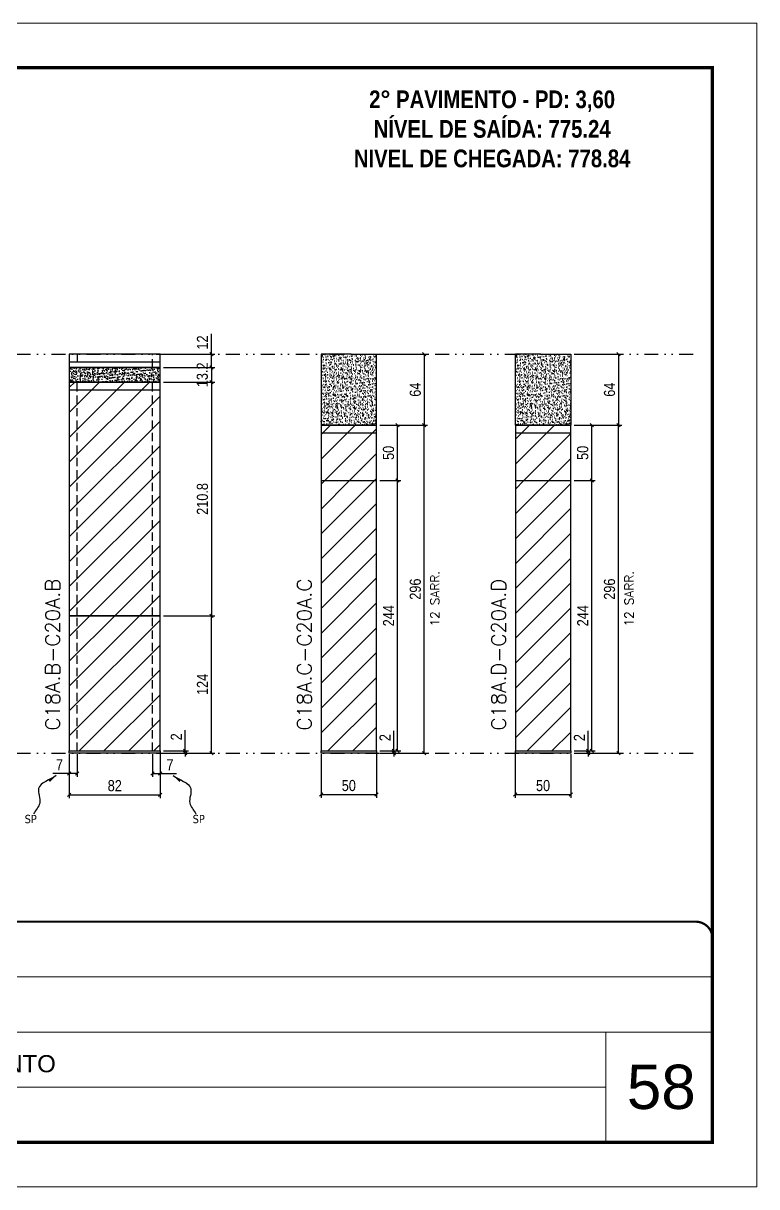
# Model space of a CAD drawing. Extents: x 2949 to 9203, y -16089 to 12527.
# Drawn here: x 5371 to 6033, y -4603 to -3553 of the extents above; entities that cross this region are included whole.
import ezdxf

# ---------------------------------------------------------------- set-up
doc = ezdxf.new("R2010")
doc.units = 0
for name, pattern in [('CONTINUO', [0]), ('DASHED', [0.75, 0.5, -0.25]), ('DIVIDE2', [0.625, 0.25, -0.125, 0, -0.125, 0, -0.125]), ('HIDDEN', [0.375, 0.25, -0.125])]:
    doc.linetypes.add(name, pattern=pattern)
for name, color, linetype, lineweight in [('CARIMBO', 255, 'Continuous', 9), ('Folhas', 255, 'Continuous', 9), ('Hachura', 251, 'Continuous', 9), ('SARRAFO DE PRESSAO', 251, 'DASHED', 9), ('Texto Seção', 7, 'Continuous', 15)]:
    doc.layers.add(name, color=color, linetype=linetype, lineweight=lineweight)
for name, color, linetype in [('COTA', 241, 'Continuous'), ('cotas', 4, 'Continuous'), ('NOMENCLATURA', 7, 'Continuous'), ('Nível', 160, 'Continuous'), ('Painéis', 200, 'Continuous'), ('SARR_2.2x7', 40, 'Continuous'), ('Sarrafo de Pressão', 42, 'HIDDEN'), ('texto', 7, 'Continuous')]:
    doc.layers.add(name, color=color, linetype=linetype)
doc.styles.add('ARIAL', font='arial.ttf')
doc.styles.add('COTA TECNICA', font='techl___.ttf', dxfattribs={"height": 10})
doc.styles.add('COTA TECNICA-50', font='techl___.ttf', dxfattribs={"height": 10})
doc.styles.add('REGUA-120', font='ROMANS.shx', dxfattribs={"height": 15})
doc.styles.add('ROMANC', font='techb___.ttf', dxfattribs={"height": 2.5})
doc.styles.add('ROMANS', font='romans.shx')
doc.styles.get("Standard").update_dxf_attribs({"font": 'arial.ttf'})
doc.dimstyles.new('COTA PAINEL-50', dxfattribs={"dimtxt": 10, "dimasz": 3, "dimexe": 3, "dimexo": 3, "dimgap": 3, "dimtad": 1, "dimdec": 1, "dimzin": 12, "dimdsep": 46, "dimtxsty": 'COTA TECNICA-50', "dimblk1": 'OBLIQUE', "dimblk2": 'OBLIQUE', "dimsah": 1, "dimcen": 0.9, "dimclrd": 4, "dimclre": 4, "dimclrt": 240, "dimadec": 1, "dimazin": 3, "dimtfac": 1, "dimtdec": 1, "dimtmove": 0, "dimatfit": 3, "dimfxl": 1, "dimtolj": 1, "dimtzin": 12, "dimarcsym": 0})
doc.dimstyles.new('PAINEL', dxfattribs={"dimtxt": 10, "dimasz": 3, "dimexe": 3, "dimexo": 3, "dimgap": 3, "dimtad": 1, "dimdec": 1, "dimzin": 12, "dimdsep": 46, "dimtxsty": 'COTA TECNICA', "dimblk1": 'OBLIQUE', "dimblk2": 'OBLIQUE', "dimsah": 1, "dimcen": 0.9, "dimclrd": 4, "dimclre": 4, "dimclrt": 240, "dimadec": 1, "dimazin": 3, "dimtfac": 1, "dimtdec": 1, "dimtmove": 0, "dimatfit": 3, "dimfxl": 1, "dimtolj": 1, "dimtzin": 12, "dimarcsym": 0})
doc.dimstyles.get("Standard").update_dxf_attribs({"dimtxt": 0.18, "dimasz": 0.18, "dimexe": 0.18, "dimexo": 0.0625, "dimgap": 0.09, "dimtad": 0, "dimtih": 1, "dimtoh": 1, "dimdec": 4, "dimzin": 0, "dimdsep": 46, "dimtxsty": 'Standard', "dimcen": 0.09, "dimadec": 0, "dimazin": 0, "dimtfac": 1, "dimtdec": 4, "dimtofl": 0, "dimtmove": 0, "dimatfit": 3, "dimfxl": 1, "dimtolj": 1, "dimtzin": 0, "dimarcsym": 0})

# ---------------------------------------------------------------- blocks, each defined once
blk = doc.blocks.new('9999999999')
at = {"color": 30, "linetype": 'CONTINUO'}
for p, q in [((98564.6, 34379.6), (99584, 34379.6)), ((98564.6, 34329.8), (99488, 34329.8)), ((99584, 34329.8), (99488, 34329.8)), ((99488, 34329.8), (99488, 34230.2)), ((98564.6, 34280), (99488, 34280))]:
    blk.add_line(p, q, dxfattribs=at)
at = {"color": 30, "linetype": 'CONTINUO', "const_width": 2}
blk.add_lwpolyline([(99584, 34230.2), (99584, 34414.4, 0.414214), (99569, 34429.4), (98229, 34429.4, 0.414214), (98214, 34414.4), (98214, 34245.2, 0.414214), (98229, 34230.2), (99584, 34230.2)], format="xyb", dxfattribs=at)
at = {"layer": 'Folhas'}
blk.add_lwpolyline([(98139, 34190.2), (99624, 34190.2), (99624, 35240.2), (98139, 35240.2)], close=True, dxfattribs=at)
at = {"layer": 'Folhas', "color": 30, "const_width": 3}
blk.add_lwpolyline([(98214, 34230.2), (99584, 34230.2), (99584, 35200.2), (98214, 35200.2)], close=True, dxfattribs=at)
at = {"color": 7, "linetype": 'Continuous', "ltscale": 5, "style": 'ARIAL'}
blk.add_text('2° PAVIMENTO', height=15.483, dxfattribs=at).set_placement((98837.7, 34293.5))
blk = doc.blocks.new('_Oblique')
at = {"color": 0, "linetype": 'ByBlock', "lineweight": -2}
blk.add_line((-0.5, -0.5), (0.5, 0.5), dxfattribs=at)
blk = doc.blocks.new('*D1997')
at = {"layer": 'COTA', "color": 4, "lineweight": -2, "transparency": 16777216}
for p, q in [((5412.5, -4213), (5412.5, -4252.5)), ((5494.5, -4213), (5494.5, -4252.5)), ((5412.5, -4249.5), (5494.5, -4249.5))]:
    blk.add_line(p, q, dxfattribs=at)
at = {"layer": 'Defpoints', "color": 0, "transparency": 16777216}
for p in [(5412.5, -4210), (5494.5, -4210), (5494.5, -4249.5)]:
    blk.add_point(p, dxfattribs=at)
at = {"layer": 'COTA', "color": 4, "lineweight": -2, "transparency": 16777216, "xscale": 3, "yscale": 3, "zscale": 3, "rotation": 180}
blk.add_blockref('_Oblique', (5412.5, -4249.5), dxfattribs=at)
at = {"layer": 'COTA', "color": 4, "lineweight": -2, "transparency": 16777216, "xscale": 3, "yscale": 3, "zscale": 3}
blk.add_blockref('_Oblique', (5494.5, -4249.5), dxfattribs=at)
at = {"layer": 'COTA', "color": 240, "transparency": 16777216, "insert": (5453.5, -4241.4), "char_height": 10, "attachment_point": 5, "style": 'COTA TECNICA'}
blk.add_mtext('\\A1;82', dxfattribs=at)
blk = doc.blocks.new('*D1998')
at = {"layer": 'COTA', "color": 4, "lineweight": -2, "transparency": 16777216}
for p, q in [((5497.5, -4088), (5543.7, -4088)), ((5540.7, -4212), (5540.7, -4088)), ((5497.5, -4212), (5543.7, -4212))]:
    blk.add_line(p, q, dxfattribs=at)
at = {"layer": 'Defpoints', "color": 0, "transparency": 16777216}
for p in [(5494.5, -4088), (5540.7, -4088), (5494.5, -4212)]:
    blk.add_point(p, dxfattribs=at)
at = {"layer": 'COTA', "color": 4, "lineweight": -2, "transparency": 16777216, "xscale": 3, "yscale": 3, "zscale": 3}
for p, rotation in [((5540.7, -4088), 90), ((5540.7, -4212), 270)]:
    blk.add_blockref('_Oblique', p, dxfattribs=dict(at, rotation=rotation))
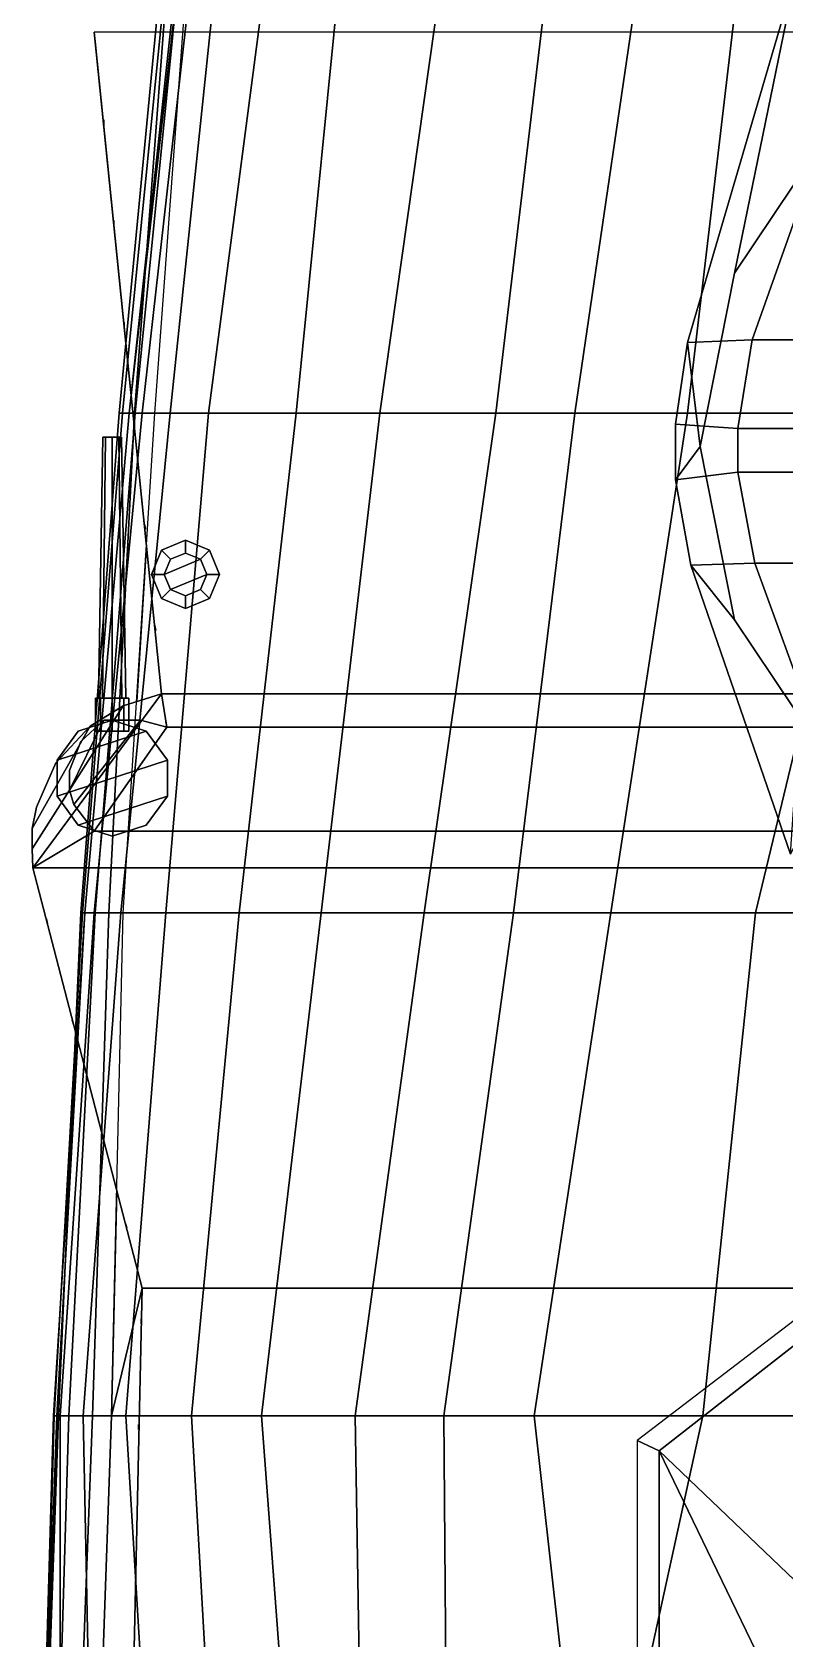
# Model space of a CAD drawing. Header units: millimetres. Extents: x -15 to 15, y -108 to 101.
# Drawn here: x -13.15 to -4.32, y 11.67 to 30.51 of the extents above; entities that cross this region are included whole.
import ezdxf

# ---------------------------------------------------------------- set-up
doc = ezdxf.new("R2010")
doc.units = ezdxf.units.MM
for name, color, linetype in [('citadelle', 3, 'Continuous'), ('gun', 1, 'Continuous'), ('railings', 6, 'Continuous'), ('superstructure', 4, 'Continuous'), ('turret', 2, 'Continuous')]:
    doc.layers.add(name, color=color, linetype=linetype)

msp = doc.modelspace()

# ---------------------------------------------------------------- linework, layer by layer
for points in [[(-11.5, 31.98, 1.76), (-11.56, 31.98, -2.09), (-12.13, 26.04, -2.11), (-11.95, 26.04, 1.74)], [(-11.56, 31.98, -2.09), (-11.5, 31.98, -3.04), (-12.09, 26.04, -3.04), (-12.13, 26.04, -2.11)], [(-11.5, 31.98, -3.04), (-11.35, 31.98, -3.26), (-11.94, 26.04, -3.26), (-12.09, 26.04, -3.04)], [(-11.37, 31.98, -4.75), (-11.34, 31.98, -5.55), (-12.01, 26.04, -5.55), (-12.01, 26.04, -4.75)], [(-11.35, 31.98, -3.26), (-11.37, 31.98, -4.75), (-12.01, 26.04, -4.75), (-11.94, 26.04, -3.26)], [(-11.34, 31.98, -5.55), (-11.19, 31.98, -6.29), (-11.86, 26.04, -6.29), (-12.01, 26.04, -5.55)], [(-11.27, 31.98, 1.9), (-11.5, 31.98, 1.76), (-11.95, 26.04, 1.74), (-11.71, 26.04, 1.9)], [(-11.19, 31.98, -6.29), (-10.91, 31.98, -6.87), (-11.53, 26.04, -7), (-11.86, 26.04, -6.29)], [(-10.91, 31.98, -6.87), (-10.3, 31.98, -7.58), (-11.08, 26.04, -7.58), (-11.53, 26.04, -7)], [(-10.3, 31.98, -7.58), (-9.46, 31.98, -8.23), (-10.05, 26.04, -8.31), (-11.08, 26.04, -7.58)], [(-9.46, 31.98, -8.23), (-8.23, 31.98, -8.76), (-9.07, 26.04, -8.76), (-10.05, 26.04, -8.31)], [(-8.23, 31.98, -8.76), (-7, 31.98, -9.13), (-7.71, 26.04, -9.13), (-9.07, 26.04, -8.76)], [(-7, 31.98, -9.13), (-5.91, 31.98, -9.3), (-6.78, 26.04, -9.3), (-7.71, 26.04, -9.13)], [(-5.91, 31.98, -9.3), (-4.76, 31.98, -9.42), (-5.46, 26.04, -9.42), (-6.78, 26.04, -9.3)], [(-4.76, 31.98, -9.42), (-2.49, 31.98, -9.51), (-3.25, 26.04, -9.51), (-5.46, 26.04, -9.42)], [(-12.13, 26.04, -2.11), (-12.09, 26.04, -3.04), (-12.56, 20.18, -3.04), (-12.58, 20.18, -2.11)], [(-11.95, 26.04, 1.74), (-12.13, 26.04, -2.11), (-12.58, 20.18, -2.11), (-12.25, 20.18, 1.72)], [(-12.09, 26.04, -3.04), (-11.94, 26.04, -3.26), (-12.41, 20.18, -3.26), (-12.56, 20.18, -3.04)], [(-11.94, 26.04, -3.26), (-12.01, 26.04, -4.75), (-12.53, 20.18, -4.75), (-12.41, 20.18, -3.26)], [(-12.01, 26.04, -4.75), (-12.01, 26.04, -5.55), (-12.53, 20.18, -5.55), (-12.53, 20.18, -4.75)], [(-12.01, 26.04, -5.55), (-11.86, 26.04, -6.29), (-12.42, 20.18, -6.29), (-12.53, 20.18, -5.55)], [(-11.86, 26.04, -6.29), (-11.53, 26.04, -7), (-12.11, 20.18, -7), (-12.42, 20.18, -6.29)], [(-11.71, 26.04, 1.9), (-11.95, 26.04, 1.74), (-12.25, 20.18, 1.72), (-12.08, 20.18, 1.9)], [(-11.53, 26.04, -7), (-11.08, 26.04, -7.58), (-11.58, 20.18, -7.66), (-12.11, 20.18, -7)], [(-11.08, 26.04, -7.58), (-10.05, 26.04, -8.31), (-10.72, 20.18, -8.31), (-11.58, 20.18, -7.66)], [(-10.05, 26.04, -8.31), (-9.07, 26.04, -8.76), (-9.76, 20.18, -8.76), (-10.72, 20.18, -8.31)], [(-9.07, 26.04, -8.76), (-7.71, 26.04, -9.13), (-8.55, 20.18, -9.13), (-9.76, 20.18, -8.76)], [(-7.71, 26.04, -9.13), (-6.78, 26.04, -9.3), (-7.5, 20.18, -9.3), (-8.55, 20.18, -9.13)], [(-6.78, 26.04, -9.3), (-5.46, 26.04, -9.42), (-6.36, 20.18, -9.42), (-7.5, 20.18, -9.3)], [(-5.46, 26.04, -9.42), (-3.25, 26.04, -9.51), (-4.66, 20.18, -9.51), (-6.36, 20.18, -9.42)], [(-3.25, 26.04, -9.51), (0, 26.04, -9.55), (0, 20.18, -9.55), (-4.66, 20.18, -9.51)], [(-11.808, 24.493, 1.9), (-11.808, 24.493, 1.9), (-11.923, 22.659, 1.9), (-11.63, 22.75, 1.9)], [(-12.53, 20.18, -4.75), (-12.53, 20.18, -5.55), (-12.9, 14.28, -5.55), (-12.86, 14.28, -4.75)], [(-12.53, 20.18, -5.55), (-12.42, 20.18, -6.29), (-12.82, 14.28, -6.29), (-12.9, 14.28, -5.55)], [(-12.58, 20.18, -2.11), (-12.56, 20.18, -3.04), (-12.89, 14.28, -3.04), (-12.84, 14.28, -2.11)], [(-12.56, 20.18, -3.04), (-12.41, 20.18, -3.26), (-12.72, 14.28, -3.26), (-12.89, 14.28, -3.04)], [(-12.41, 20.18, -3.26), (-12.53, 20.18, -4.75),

════

- Exercise description -
Output should consist of the lines above from the one with "p, dxfattribs=dict(at, rotation=rotation))" down to the one with "layer by layer", exact and without pictures.

- Written response -
    blk.add_blockref('_Oblique', p, dxfattribs=dict(at, rotation=rotation))
# Model space of a CAD drawing. Header units: millimetres. Extents: x -15 to 15, y -108 to 101.
# Drawn here: x -13.15 to -4.32, y 11.67 to 30.51 of the extents above; entities that cross this region are included whole.
import ezdxf

# ---------------------------------------------------------------- set-up
doc = ezdxf.new("R2010")
doc.units = ezdxf.units.MM
for name, color, linetype in [('citadelle', 3, 'Continuous'), ('gun', 1, 'Continuous'), ('railings', 6, 'Continuous'), ('superstructure', 4, 'Continuous'), ('turret', 2, 'Continuous')]:
    doc.layers.add(name, color=color, linetype=linetype)

msp = doc.modelspace()

# ---------------------------------------------------------------- linework, layer by layer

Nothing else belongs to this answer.